• [EXTRACTED ENTRIES]:
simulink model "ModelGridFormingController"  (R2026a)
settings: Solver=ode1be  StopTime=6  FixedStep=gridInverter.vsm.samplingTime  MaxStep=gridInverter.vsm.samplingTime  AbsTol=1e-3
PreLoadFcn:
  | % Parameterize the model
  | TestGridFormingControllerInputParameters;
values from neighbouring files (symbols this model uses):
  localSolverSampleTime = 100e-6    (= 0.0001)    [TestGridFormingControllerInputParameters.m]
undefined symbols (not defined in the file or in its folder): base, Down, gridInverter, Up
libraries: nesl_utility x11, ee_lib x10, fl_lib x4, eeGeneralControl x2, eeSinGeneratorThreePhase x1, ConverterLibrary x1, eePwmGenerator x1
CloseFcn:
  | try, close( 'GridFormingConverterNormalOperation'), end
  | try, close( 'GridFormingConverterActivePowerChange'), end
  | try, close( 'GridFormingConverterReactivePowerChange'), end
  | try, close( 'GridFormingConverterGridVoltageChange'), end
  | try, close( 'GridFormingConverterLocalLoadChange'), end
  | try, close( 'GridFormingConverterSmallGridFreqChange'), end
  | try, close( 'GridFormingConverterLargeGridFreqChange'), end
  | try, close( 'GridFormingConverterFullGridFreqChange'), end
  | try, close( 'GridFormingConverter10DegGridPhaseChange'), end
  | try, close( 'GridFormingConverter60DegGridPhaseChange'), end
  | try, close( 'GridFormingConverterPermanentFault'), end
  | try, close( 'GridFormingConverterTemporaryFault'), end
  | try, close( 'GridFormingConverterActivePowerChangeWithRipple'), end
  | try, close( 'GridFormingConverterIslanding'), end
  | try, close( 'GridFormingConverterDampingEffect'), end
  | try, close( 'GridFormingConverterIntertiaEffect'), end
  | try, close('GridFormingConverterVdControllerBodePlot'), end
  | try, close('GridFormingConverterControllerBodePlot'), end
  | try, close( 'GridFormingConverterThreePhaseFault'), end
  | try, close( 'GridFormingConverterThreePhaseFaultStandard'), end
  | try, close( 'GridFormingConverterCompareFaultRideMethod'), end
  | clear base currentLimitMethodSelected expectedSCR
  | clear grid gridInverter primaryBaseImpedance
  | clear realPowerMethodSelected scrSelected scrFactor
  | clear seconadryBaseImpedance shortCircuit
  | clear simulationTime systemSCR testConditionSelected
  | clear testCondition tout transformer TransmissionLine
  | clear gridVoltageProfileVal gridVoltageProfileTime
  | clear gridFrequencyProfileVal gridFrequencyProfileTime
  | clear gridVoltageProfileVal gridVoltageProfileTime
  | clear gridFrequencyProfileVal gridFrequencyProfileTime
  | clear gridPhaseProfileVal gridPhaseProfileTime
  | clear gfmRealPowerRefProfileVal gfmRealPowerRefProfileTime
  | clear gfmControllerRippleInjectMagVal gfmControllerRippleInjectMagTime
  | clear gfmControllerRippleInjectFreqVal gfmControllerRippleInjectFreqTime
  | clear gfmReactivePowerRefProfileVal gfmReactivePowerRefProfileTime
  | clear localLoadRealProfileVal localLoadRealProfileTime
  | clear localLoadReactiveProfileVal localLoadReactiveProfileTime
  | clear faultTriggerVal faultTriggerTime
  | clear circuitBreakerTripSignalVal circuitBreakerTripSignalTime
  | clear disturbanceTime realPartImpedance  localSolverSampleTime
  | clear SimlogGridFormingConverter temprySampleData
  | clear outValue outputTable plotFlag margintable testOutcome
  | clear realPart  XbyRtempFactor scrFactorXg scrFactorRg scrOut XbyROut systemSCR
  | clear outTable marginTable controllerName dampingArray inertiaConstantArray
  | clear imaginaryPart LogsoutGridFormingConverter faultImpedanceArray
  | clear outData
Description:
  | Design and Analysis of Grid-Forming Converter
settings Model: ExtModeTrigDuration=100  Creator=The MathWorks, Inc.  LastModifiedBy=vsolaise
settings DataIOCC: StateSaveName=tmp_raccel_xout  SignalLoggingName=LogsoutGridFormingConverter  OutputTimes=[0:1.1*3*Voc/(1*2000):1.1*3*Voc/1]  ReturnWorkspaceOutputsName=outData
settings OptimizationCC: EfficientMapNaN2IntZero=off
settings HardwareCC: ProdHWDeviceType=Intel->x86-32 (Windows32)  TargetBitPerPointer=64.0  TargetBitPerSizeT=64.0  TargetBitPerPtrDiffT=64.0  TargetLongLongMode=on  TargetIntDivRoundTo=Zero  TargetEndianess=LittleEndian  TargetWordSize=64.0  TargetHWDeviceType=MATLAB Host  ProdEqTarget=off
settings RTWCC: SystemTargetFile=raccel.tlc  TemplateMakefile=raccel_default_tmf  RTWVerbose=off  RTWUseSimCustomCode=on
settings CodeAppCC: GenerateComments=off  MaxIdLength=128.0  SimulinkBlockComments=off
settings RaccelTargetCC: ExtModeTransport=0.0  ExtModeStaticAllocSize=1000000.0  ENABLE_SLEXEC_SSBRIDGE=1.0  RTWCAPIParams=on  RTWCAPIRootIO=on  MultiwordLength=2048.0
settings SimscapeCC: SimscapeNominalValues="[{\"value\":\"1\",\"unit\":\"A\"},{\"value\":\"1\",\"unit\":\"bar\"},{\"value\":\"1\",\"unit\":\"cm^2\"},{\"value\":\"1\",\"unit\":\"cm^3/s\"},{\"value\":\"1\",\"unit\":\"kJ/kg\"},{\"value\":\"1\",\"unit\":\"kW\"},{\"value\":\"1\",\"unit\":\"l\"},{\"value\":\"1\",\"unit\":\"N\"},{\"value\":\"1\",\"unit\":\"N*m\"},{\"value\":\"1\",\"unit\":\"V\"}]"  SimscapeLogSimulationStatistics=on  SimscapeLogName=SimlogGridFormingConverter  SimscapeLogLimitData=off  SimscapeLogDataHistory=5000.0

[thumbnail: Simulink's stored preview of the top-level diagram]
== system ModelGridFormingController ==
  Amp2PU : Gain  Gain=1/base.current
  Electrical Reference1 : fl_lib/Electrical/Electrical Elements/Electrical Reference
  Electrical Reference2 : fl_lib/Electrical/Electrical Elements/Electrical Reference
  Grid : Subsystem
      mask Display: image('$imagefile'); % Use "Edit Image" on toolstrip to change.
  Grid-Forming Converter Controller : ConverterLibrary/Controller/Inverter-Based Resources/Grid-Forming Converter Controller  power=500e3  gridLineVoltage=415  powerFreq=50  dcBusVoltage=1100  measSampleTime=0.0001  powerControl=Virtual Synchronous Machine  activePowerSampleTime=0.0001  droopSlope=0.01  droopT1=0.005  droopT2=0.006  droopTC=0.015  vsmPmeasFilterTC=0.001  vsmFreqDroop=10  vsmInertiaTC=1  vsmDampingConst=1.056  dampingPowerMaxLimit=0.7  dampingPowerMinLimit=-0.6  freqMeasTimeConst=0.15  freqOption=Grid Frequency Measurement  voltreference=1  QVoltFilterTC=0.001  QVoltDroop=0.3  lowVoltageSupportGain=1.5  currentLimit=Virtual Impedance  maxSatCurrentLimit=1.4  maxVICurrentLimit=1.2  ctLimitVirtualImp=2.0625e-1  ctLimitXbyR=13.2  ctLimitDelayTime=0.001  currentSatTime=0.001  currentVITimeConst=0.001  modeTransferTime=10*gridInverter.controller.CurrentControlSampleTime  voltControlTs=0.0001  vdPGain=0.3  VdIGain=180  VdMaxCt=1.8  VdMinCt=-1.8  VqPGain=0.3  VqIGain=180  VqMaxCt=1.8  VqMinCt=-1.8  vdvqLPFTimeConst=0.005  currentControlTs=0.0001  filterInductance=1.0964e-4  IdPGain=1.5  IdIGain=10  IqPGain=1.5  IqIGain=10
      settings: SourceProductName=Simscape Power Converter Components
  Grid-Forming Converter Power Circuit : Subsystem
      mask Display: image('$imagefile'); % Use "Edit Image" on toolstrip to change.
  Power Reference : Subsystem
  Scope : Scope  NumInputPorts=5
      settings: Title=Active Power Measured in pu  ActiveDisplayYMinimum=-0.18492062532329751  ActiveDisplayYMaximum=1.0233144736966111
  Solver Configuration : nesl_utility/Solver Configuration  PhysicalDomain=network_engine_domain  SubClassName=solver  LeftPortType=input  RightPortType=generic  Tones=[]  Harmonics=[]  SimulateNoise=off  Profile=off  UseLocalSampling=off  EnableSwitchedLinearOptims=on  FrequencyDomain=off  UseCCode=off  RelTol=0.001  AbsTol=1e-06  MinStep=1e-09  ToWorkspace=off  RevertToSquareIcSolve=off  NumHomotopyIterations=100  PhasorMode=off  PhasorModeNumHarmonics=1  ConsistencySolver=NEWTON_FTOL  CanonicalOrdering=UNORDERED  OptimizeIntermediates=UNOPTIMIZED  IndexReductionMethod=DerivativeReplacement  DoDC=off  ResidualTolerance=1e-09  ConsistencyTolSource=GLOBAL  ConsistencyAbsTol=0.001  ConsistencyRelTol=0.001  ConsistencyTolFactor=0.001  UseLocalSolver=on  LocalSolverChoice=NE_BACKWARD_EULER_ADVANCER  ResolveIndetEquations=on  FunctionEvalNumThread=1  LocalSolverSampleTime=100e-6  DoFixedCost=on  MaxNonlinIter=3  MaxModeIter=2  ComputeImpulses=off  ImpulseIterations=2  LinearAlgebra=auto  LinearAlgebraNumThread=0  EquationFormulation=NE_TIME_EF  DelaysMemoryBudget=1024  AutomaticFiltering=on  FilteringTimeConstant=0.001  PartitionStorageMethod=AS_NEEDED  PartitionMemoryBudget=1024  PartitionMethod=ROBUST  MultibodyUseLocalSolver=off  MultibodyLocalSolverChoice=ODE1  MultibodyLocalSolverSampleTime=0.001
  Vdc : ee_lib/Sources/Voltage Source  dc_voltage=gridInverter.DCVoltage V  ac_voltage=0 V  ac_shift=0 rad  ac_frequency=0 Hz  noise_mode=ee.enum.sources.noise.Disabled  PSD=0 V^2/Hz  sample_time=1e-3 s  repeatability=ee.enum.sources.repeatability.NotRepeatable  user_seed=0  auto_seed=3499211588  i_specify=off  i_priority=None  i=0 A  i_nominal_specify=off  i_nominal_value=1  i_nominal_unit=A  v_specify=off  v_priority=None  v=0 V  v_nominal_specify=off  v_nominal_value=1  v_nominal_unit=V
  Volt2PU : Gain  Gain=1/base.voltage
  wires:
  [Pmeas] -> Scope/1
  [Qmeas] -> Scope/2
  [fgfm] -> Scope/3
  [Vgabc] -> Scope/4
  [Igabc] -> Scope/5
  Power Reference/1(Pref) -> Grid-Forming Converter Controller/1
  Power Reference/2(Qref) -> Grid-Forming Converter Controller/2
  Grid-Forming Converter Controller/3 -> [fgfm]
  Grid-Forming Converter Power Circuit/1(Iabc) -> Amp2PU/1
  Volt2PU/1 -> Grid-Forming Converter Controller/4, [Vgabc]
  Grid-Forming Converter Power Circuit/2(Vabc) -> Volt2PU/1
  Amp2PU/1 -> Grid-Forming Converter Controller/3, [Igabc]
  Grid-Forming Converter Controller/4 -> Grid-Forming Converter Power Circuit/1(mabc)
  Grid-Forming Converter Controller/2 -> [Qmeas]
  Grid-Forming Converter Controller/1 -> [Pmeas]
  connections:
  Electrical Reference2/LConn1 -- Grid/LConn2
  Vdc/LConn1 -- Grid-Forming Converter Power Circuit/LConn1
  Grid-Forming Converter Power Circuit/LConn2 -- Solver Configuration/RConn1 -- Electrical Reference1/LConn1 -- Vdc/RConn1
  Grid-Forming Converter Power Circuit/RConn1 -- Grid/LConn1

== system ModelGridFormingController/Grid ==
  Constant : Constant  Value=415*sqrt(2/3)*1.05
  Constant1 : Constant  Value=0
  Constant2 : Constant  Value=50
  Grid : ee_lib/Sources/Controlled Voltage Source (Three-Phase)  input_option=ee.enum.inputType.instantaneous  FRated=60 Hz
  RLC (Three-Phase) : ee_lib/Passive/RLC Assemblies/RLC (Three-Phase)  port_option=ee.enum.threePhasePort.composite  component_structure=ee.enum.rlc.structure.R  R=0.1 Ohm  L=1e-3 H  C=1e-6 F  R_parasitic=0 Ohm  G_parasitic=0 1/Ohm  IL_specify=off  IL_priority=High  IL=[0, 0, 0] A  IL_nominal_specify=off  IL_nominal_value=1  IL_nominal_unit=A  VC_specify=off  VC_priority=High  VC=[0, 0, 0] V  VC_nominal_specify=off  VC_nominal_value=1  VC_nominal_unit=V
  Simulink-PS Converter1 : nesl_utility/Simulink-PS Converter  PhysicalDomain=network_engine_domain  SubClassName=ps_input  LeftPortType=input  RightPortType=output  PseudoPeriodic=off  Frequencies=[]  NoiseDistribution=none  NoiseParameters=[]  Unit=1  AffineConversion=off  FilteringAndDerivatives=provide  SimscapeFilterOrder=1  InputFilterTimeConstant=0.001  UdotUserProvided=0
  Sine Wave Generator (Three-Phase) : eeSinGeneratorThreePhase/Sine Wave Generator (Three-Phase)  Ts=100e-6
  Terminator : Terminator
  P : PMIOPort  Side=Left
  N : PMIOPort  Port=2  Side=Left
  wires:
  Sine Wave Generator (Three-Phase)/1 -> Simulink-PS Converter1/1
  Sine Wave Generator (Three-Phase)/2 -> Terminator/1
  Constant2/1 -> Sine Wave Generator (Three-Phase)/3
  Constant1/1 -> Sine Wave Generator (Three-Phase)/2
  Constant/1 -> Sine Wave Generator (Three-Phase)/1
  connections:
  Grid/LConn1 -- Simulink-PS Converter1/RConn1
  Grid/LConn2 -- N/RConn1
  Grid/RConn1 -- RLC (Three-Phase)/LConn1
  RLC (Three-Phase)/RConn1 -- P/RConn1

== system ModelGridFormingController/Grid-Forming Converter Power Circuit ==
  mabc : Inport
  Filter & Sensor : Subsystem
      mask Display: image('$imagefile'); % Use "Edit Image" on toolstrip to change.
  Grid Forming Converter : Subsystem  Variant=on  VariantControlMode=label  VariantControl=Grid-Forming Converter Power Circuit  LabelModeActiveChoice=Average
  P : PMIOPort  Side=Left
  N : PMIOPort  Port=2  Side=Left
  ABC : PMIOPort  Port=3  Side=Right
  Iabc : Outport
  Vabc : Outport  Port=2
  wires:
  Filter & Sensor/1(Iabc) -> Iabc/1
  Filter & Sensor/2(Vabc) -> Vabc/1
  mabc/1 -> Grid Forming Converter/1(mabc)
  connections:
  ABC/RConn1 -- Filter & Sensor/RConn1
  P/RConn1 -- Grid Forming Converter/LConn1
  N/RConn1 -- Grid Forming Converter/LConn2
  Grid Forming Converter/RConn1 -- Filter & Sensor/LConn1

• [ACTION ITEM]: Your job is to print exactly the lines that run from the top of the entries through the line with "close( 'GridFormingConverterActivePowerChange'), end", and no others.

• [SOLVED PROBLEM]:
simulink model "ModelGridFormingController"  (R2026a)
settings: Solver=ode1be  StopTime=6  FixedStep=gridInverter.vsm.samplingTime  MaxStep=gridInverter.vsm.samplingTime  AbsTol=1e-3
PreLoadFcn:
  | % Parameterize the model
  | TestGridFormingControllerInputParameters;
values from neighbouring files (symbols this model uses):
  localSolverSampleTime = 100e-6    (= 0.0001)    [TestGridFormingControllerInputParameters.m]
undefined symbols (not defined in the file or in its folder): base, Down, gridInverter, Up
libraries: nesl_utility x11, ee_lib x10, fl_lib x4, eeGeneralControl x2, eeSinGeneratorThreePhase x1, ConverterLibrary x1, eePwmGenerator x1
CloseFcn:
  | try, close( 'GridFormingConverterNormalOperation'), end
  | try, close( 'GridFormingConverterActivePowerChange'), end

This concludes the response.